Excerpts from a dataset
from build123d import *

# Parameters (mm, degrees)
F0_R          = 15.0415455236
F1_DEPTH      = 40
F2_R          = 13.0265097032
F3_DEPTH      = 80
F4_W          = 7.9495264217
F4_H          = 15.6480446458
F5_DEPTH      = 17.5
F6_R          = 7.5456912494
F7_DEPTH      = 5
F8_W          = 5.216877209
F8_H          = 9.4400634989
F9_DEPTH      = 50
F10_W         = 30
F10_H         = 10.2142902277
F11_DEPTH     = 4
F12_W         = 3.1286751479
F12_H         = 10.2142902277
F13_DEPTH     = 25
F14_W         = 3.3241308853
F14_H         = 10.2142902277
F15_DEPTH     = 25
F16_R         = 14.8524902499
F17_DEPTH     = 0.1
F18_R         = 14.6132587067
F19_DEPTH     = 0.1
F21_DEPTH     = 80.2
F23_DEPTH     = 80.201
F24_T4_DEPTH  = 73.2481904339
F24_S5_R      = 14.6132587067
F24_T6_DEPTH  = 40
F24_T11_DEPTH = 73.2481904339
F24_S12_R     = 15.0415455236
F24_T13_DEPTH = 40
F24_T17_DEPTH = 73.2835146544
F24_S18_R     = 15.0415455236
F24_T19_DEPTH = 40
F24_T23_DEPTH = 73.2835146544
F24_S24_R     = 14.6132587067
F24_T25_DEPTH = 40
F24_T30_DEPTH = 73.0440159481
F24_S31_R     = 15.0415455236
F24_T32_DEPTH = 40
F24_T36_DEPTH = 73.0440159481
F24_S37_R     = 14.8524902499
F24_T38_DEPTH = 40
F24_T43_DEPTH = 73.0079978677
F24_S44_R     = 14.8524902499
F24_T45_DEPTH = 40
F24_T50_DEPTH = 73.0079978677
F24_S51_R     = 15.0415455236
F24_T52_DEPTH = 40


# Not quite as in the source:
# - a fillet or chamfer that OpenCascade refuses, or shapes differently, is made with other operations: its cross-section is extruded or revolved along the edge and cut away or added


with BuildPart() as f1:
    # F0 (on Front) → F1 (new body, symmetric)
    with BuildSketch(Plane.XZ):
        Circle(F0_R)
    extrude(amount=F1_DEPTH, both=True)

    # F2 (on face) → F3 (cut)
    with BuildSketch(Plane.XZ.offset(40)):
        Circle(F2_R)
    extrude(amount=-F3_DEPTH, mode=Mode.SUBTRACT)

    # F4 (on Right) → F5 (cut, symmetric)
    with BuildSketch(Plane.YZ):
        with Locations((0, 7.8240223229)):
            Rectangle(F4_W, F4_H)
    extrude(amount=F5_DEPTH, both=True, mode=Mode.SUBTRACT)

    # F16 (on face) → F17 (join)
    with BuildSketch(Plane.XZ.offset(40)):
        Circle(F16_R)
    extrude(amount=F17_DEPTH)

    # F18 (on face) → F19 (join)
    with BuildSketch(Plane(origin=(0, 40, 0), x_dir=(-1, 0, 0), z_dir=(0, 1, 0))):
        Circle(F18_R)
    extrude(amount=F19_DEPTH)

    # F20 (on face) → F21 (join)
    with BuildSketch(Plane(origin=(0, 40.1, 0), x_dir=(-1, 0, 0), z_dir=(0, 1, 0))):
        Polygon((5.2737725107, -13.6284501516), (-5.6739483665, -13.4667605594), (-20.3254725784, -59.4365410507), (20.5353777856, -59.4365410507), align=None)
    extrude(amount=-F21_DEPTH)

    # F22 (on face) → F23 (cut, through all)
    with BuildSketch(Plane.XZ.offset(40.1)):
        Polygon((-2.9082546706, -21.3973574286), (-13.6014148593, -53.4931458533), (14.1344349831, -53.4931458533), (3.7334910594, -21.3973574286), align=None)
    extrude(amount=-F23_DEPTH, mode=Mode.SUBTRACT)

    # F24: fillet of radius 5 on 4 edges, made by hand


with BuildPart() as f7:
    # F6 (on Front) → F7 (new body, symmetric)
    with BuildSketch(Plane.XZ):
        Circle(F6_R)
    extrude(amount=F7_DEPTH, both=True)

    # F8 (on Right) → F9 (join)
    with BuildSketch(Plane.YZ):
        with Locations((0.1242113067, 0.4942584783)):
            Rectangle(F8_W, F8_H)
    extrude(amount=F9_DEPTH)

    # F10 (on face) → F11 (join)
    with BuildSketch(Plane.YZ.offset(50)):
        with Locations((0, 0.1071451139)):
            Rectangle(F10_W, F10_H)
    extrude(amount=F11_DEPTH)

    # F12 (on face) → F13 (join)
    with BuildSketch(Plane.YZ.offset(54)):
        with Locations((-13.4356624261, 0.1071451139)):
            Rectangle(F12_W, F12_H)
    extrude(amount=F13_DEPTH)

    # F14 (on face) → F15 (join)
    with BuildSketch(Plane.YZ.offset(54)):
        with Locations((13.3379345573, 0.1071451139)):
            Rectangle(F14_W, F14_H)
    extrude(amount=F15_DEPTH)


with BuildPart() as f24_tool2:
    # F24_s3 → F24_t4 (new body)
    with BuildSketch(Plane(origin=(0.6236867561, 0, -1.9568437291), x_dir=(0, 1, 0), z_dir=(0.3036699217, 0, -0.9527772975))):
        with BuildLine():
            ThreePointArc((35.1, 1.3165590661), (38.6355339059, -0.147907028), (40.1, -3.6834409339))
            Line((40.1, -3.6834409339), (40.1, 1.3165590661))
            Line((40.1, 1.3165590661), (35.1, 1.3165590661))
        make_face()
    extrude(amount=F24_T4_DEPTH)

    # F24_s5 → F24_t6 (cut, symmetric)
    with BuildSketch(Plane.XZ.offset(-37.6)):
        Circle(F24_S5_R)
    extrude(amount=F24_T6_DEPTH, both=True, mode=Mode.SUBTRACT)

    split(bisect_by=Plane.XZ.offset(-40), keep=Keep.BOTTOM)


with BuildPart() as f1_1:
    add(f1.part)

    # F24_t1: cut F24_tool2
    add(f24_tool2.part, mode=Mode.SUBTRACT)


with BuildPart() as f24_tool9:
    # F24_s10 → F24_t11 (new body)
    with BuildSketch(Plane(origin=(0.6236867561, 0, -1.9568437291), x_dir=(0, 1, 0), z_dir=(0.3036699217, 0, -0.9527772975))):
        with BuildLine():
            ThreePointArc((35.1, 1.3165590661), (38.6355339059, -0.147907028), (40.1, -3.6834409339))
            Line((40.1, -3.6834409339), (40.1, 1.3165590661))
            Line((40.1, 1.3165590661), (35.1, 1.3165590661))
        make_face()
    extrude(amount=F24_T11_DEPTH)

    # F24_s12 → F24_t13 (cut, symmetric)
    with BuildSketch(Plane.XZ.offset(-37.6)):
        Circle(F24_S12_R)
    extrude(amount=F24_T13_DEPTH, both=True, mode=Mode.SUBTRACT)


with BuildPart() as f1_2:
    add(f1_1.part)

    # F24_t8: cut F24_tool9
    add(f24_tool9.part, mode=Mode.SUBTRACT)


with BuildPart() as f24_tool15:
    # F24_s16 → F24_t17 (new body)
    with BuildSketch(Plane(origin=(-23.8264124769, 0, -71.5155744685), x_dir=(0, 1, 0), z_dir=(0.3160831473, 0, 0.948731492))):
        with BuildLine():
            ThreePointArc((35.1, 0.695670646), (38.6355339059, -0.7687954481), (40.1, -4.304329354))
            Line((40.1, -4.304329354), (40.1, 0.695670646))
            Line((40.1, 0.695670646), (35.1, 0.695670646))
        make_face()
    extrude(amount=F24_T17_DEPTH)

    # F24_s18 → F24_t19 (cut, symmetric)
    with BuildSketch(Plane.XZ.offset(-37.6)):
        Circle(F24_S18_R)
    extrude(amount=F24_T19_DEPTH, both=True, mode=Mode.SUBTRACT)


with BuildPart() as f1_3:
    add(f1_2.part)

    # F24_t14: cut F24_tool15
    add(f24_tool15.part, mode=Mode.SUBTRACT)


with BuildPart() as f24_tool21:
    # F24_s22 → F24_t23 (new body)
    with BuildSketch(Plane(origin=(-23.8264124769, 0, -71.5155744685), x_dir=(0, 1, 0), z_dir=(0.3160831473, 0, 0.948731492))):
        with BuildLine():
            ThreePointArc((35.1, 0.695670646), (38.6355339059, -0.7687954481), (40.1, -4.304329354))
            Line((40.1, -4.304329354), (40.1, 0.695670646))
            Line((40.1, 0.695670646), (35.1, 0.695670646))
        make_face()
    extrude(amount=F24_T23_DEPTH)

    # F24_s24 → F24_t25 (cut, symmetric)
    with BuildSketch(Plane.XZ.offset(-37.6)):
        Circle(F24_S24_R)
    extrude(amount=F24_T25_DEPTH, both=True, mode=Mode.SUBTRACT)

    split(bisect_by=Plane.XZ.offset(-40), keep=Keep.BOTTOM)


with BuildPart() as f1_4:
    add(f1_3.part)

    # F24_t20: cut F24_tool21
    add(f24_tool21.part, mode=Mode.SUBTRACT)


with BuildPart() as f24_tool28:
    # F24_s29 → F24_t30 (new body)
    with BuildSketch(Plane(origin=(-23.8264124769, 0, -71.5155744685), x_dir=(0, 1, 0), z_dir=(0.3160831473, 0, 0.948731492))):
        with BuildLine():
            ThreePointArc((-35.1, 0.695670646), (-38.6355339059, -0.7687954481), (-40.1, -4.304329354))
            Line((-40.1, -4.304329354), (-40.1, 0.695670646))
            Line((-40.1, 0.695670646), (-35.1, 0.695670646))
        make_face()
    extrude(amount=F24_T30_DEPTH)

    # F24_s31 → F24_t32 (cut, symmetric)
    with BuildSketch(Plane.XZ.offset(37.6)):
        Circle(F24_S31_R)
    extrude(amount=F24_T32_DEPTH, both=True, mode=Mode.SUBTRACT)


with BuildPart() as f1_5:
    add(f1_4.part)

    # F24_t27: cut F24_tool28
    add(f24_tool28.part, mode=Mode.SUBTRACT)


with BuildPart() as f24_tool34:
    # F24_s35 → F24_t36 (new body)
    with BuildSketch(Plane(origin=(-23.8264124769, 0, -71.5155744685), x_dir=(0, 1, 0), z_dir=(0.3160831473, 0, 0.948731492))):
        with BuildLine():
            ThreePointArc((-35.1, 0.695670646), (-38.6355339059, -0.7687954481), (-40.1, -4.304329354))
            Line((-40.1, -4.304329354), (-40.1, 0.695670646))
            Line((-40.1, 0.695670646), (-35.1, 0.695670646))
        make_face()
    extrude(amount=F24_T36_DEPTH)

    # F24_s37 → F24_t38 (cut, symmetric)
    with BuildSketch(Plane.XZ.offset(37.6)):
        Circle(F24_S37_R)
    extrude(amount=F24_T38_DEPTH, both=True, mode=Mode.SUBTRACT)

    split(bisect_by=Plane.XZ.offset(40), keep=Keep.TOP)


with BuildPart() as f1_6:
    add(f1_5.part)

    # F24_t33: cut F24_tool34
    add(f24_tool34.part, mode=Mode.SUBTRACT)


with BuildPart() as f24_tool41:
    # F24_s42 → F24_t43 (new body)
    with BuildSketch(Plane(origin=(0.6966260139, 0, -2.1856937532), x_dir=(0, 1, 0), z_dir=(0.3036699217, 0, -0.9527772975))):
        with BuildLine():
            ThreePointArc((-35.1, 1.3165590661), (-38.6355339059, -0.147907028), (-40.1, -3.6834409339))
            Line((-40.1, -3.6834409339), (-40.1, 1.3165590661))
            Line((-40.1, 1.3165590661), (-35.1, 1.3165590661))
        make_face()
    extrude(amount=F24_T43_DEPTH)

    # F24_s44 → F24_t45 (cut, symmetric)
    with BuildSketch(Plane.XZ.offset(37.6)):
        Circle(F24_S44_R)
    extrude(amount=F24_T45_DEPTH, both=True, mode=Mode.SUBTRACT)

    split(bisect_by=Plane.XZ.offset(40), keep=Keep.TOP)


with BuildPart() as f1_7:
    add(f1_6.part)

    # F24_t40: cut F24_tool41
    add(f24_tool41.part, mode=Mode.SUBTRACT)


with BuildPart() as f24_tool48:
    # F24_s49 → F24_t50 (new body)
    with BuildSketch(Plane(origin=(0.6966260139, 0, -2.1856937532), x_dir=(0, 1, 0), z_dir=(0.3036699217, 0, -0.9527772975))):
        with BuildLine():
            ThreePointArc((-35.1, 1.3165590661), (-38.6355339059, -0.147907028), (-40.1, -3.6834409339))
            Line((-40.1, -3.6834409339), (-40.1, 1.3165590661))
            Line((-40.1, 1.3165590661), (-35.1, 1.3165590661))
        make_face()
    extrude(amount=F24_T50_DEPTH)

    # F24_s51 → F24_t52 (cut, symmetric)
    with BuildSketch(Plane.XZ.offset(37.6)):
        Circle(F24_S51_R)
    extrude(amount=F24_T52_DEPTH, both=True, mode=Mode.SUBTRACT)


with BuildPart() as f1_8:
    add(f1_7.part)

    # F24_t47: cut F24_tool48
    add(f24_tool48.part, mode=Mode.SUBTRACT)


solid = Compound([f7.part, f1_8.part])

Your assignment> With "Right" as the string to match, show every line of the entries above that has it.

Exercise solution>
    # F4 (on Right) → F5 (cut, symmetric)
    # F8 (on Right) → F9 (join)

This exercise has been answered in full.